図3は、中間転写ベルト31の横断面を部分的に示す拡大断面図である。中間転写ベルト31は、ある程度の屈曲性を有し且つ剛性の高い材料からなる無端ベルト状の基層31aと、これのおもて面上に積層された柔軟性に優れた弾性材料からなる弾性層31bとを具備している。弾性層31bには、粒子31cが分散せしめられていて、それらの粒子31cが自らの一部を弾性層31bの表面から突出させた状態で、図4に示されるように、ベルト面方向に密集して並んでいる。それら複数の粒子31cにより、複数の凸がベルト面に形成されている。
基層31aの材料としては、樹脂中に、電気抵抗を調整するための充填材や添加材などからなる電気抵抗調整材を分散させたものを例示することができる。その樹脂としては、難燃性の観点からすると、例えば、PVDF(ポリフッ化ビニリデン)、ETFE(エチレン・四フッ化エチレン共重合体)などのフッ素系樹脂や、ポリイミド樹脂またはポリアミドイミド樹脂等が好ましい。また、機械強度(高弾性)や耐熱性の観点からすると、特にポリイミド樹脂又はポリアミドイミド樹脂が好適である。
樹脂中に分散せしめる電気抵抗調整材としては、金属酸化物やカーボンブラック、イオン導電剤、導電性高分子材料などを例示することができる。金属酸化物としては、酸化亜鉛、酸化スズ、酸化チタン、酸化ジルコニウム、酸化アルミニウム、酸化珪素等が挙げられる。分散性を向上させるために、前記金属酸化物に予め表面処理を施したものを用いても良い。カーボンブラックとしては、ケッチェンブラック、ファーネスブラック、アセチレンブラック、サーマルブラック、ガスブラック等が挙げられる。また、イオン導電剤としては、テトラアルキルアンモニウム塩、トリアルキルベンジルアンモニウム塩、アルキルスルホン酸塩、アルキルベンゼンスルホン酸塩が挙げられる。アルキルサルフェート、グルセリン脂肪酸エステル、ソルビタン脂肪酸エステル、ポリオキシエチレンアルキルアミン、ポリオキシエチレン脂肪酸アルコールエステル、アルキルベタイン、過塩素酸リチウム等でもよい。それらのイオン導電剤を二種類以上混合して使用してもよい。なお、本発明を適用可能な電気抵抗調整材は、これまで例示したものに限られるものではない。

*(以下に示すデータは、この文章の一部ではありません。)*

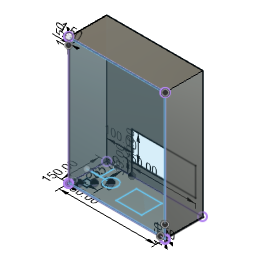
camera_box (Autodesk Fusion 360 design; units mm, degrees)
Autodesk Fusion 360 part; units mm, degrees
sketch "スケッチ1" plane through (0, 0, 0) normal (0, 1, 0) x (1, 0, 0)
  line L0 (0, 0) -> (380, 0)
  line L1 (380, 0) -> (380, 150)
  line L2 (380, 150) -> (0, 150)
  line L3 (0, 150) -> (0, 0)
  dimension "d1" = 380
  dimension "d2" = 150
  constraint horizontal L0
  constraint vertical L1
  constraint horizontal L2
  constraint vertical L3
  constraint coincident L0.start L3.end
  measures "d1" distance of L0.start L0.end
  measures "d2" distance of L0.start L2.end
extrude "押し出し1" add sketch "スケッチ1" along normal blind 500
sketch "スケッチ2" plane through (0, 0, 0) normal (0, 0, 1) x (1, 0, 0)
  line L0 (0, 0) -> (380, 0)
  line L1 (380, 0) -> (380, 500)
  line L2 (380, 500) -> (0, 500)
  line L3 (0, 500) -> (0, 0)
sketch "スケッチ3" plane through (0, 0, 0) normal (0, 0, 1) x (1, 0, 0)
  line L0 (380, 500) -> (0, 500)
  line L1 (380.7982, 500) -> (380.7982, 498.5)
  line L2 (0, 500) -> (0, 0)
  line L3 (0, 471) -> (1.5, 471)
  line L4 (1.5, 471) -> (1.5, 502)
  line L5 (380, 0) -> (380, 500)
  line L6 (380, 50) -> (378.5, 50)
  line L7 (378.5, 50) -> (377, 50)
  line L8 (0, 0) -> (380, 0)
  line L9 (361, 0) -> (361, 1.5)
  line L10 (378.5, 1.5) -> (1.5, 1.5)
  line L11 (1.5, 1.5) -> (1.5, 498.5115)
  line L12 (1.5, 498.5115) -> (378.5, 498.5115)
  line L13 (378.5, 498.5115) -> (378.5, 1.5)
  dimension "d5" = 1.5
  dimension "d6" = 1.5
  dimension "d7" = 1.5
  dimension "d10" = 1.5
  constraint coincident L0 L1.start
  constraint vertical L1
  constraint coincident L2 L3.start
  constraint perpendicular L2 L3
  constraint perpendicular L0 L4
  constraint coincident L5 L6.start
  constraint perpendicular L5 L6
  constraint horizontal L7
  constraint coincident L8 L9.start
  constraint perpendicular L8 L9
  constraint horizontal L10
  constraint vertical L11
  constraint horizontal L12
  constraint vertical L13
  constraint coincident L4 L11.end
  measures "d5" distance of L1.start L1.end
  measures "d6" distance of L3.start L3.end
  measures "d7" distance of L6.start L6.end
  measures "d10" distance of L9.start L9.end
extrude "押し出し2" cut sketch "スケッチ3" against normal blind 148.5 contours L4 L10 L11 L12 L13
sketch "スケッチ4" plane through (0, 0, -150) normal (0, 0, -1) x (-1, 0, 0)
  line L0 (-380, 0) -> (0, 0)
  line L1 (0, 0) -> (0, 500)
  line L2 (0, 500) -> (-380, 500)
  line L3 (-380, 500) -> (-380, 0)
  line L4 (0, 0) -> (-100, 0)
  line L5 (-100, 0) -> (-100, 50)
  line L6 (-100, 50) -> (-350, 50)
  line L7 (-350, 50) -> (-350, 160)
  line L8 (-350, 160) -> (-100, 160)
  line L9 (-100, 160) -> (-100, 50)
  dimension "d13" = 100
  dimension "d14" = 50
  dimension "d15" = 250
  dimension "d16" = 110
  constraint coincident L0.end L1.start
  constraint coincident L0 L4.end
  constraint perpendicular L4 L5
  constraint horizontal L6
  constraint vertical L7
  constraint horizontal L8
  constraint vertical L9
  measures "d13" distance of L0.end L4.end
  measures "d14" distance of L4.end L5.end
  measures "d15" distance of L5.end L6.end
  measures "d16" distance of L5.end L8.end
extrude "押し出し3" cut sketch "スケッチ4" against normal blind 30 contours L6 L7 L8 L9
sketch "スケッチ5" plane through (0, 0, 0) normal (0, 0, 1) x (1, 0, 0)
  line L0 (378.5, 1.5, -148.5) -> (1.5, 1.5, -148.5)
  line L1 (41.5712, 1.5, -148.5) -> (41.5712, 1.5, -83.5)
  line L2 (41.5712, 1.5, -83.5) -> (-11.7614, 1.5, -83.5)
  line L3 (1.5, 1.5, -83.5) -> (83.5, 1.5, -83.5)
  circle A0 through (87.5, 1.5, -83.5) (81.5, 1.5, -80.0359) (81.5, 1.5, -86.9641)
  dimension "d19" = 65
  dimension "d24" = 82
sketch "スケッチ6" plane through (0, 0, 0) normal (0, 0, 1) x (1, 0, 0)
sketch "スケッチ7" plane through (0, 0, 0) normal (0, 1, 0) x (1, 0, 0)
sketch "スケッチ8" plane through (0, 0, 0) normal (0, 0, 1) x (1, 0, 0)
  line L0 (1.5, 1.5, 0) -> (1.5, 1.5, -148.5)
  line L1 (1.5, 1.5, -18.4401) -> (21.5, 1.5, -18.4401)
  line L2 (378.5, 1.5) -> (1.5, 1.5)
  line L3 (21.5, 1.5, -18.4401) -> (21.5, 1.5, 0)
  line L4 (21.5, 1.5, -20) -> (51.5, 1.5, -20)
  line L5 (51.5, 1.5, -20) -> (51.5, 1.5, -50)
  line L6 (51.5, 1.5, -50) -> (21.5, 1.5, -50)
  line L7 (21.5, 1.5, -50) -> (21.5, 1.5, -20)
  circle A0 through (108.5, 1.5, -83.5) (71, 1.5, -61.8494) (71, 1.5, -105.1506)
  point P0 (83.5, 1.5)
  dimension "d26" = 20
  dimension "d27" = 20
  dimension "d28" = 30
  dimension "d29" = 30
  dimension "d30" = 50
sketch "スケッチ9" plane through (0, 0, 0) normal (0, 0, 1) x (1, 0, 0)
  line L0 (21.5, 1.5, -20) -> (51.5, 1.5, -20)
  line L1 (51.5, 1.5, -20) -> (51.5, 1.5, -50)
  line L2 (51.5, 1.5, -50) -> (21.5, 1.5, -50)
  line L3 (21.5, 1.5, -50) -> (21.5, 1.5, -20)
  point P0 (21.5, 1.5)
  point P1 (51.5, 1.5)
sketch "スケッチ10" plane through (0, 0, 0) normal (0, 0, 1) x (1, 0, 0)
  line L0 (153.9573, 1.5, -113.4079) -> (253.9573, 1.5, -113.4079)
  line L1 (253.9573, 1.5, -113.4079) -> (253.9573, 1.5, -33.4079)
  line L2 (253.9573, 1.5, -33.4079) -> (153.9573, 1.5, -33.4079)
  line L3 (153.9573, 1.5, -33.4079) -> (153.9573, 1.5, -113.4079)
  dimension "d31" = 100
  dimension "d32" = 80
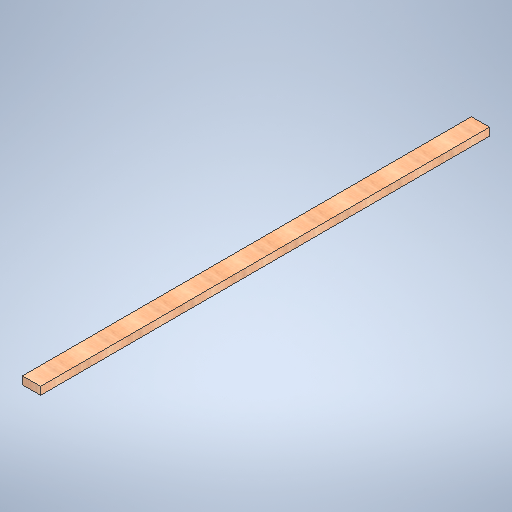
# Autodesk Inventor part: Plate_With_Length_90.75_Inches
Saved by Autodesk Inventor 2025 (Build 290162010, 162A)
## iProperties
Created: 2024-09-20
Part Number: Plate_With_Length_90.75_Inches
Material: Wood (Birch)
Document SubType Name: Modeling
Designer: Tom
Density: 0.55 g/cm^3
Appearance: Birch - Natural Polished
Author: Tom
Autodesk Inventor part; units mm, degrees
ref_plane "YZ Plane" through (0, 0, 0) normal (1, 0, 0) x (0, 1, 0)
ref_plane "XZ Plane" through (0, 0, 0) normal (0, 1, 0) x (-1, 0, 0)
ref_plane "XY Plane" through (0, 0, 0) normal (0, 0, 1) x (1, 0, 0)
sketch "Sketch1" plane through (0, 0, 0) normal (0, 1, 0) x (-1, 0, 0)
  line L0 (0, 0) -> (88.9, 0)
  line L1 (88.9, 0) -> (88.9, -2198.6875)
  line L2 (88.9, -2198.6875) -> (0, -2198.6875)
  line L3 (0, -2198.6875) -> (0, 0)
  dimension "d1" = 88.9
  dimension "d4" = 2198.6875
  constraints: 8 end point, 2 parallel, 1 horizontal, 1 perpendicular
  measures "d1" distance of L0.start L0.end
  measures "d4" distance of L2.end L0.start
extrude "Extrusion1" add sketch "Sketch1" along normal blind 38.1
sketch "Sketch2" plane through (-88.9, 0, -2198.6875) normal (-1, 0, 0) x (0, 0, 1)
  line L0 (0, 423.1077) -> (739.775, 423.1077) construction
  line L1 (739.775, 423.1077) -> (739.775, -68.2625) construction
  line L2 (739.775, -68.2625) -> (0, -68.2625) construction
  line L3 (0, -68.2625) -> (0, 423.1077) construction
  line L4 (0, 0) -> (0, 38.1) projected
  line L5 (0, 0) -> (2198.6875, 0) projected
  dimension "d6" = 739.775
  dimension "d14" = 68.2625
  constraints: 1 collinear, 2 other
  measures "d6" distance of L0.start L0.end
  measures "d14" distance between parallel lines of L5 L2
body "Solid1"
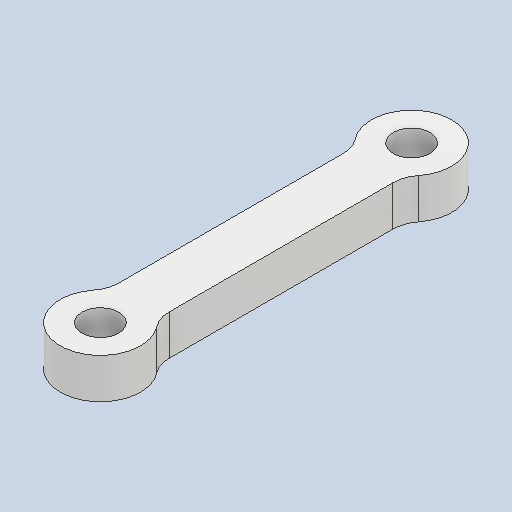
# Autodesk Inventor part: spojka
Saved by Autodesk Inventor 2023 (Build 270158000, 158)
## iProperties
Part Number: spojka
Material: ABS Plastic
Document SubType Name: Modeling
Designer: denyh
Density: 1.06 g/cm^3
Appearance: Smooth - White
Mass: 0.8396 g
Surface Area: 8.41719 cm^2
Volume: 0.792076 cm^3
Author: denyh
Autodesk Inventor part; units mm, degrees
ref_plane "YZ Plane" through (0, 0, 0) normal (1, 0, 0) x (0, 1, 0)
ref_plane "XZ Plane" through (0, 0, 0) normal (0, 1, 0) x (-1, 0, 0)
ref_plane "XY Plane" through (0, 0, 0) normal (0, 0, 1) x (1, 0, 0)
sketch "Náčrt1" plane through (0, 0, 0) normal (0, 0, 1) x (1, 0, 0)
  line L0 (0, 0) -> (0, 31)
  circle A0 centre (0, 31) radius 1.825
  circle A1 centre (0, 0) radius 1.825
  arc A2 (3.1429, 28.5257) -> (-3.1429, 28.5257) centre (0, 31) ccw
  arc A3 (-3.1429, 2.4743) -> (3.1429, 2.4743) centre (0, 0) ccw
  line L1 (0, 31) -> (-5.5, 31)
  line L2 (-5.5, 31) -> (-5.5, 26.67)
  arc A4 (-2.5003, 26.6349) -> (-3.1429, 28.5257) centre (-5.5, 26.67) ccw
  line L3 (-2.5003, 4.2949) -> (-2.5003, 15.5)
  arc A5 (3.1429, 28.5257) -> (2.5003, 26.6349) centre (5.5, 26.67) ccw
  arc A6 (-3.1429, 2.4743) -> (-2.5003, 4.3651) centre (-5.5, 4.33) ccw
  arc A7 (2.5003, 4.3651) -> (3.1429, 2.4743) centre (5.5, 4.33) ccw
  line L4 (2.5003, 26.6349) -> (2.5003, 4.3651)
  line L5 (-2.5003, 26.6349) -> (-2.5003, 15.5)
  dimension "d0" = 31
  dimension "d1" = 3.65
  dimension "d2" = 3.65
  dimension "d3" = 8
  dimension "d4" = 8
  dimension "d7" = 5.5
  dimension "d8" = 4.33
  constraints: 13 point on circle, 12 end point, 8 centre point, 5 coincident, 3 symmetric about line, 3 vertical, 1 collinear, 1 horizontal, 1 parallel, 1 point on line, 1 tangent, 1 other
  measures "d0" distance of L0.start L0.end
  measures "d1" diameter of A0
  measures "d2" diameter of A1
  measures "d3" diameter of A2
  measures "d4" diameter of A3
  measures "d7" distance of L1.start L1.end
  measures "d8" distance of L1.end L2.end
extrude "Vysunutí1" add sketch "Náčrt1" along normal blind 4

基層31aの前駆体となる塗工液(硬化前の液体の樹脂中に電気抵抗調整材を分散せしめたもの)には、必要に応じて、分散助剤、補強材、潤滑材、熱伝導材、酸化防止剤などを添加してもよい。中間転写ベルト31として好適に装備されるシームレスベルトの基層31aに含有される電気抵抗調整材の添加量は、好ましくは表面抵抗で1×108〜1×1013[Ω/□]、体積抵抗で1×106〜1×1012[Ω・cm]となる量とされる。但し、機械強度の観点から、成形膜が脆く割れやすくならない範囲の量を選択して添加することが必要である。つまり、樹脂成分(ポリイミド樹脂前駆体、ポリアミドイミド樹脂前駆体など)と電気抵抗調整材との配合率を適正に調整した塗工液を用いて、電気特性(表面抵抗及び体積抵抗)と機械強度のバランスがとれたシームレスベルトを製造して用いることが好ましい。電気抵抗調整材の含有量は、カーボンブラックの場合には、塗工液中の全固形分の10〜25[wt%]がよく、更に好ましくは15〜20[wt%]である。また、金属酸化物の場合の含有量は、塗工液中の全固形分の1〜50[wt%]がよく、更に好ましくは10〜30[wt%]である。含有量が前述した範囲よりも少ないと十分な効果が得られず、また含有量が前述した範囲よりも多いと中間転写ベルト31(シームレスベルト)の機械強度が著しく低下するので、実使用上好ましくない。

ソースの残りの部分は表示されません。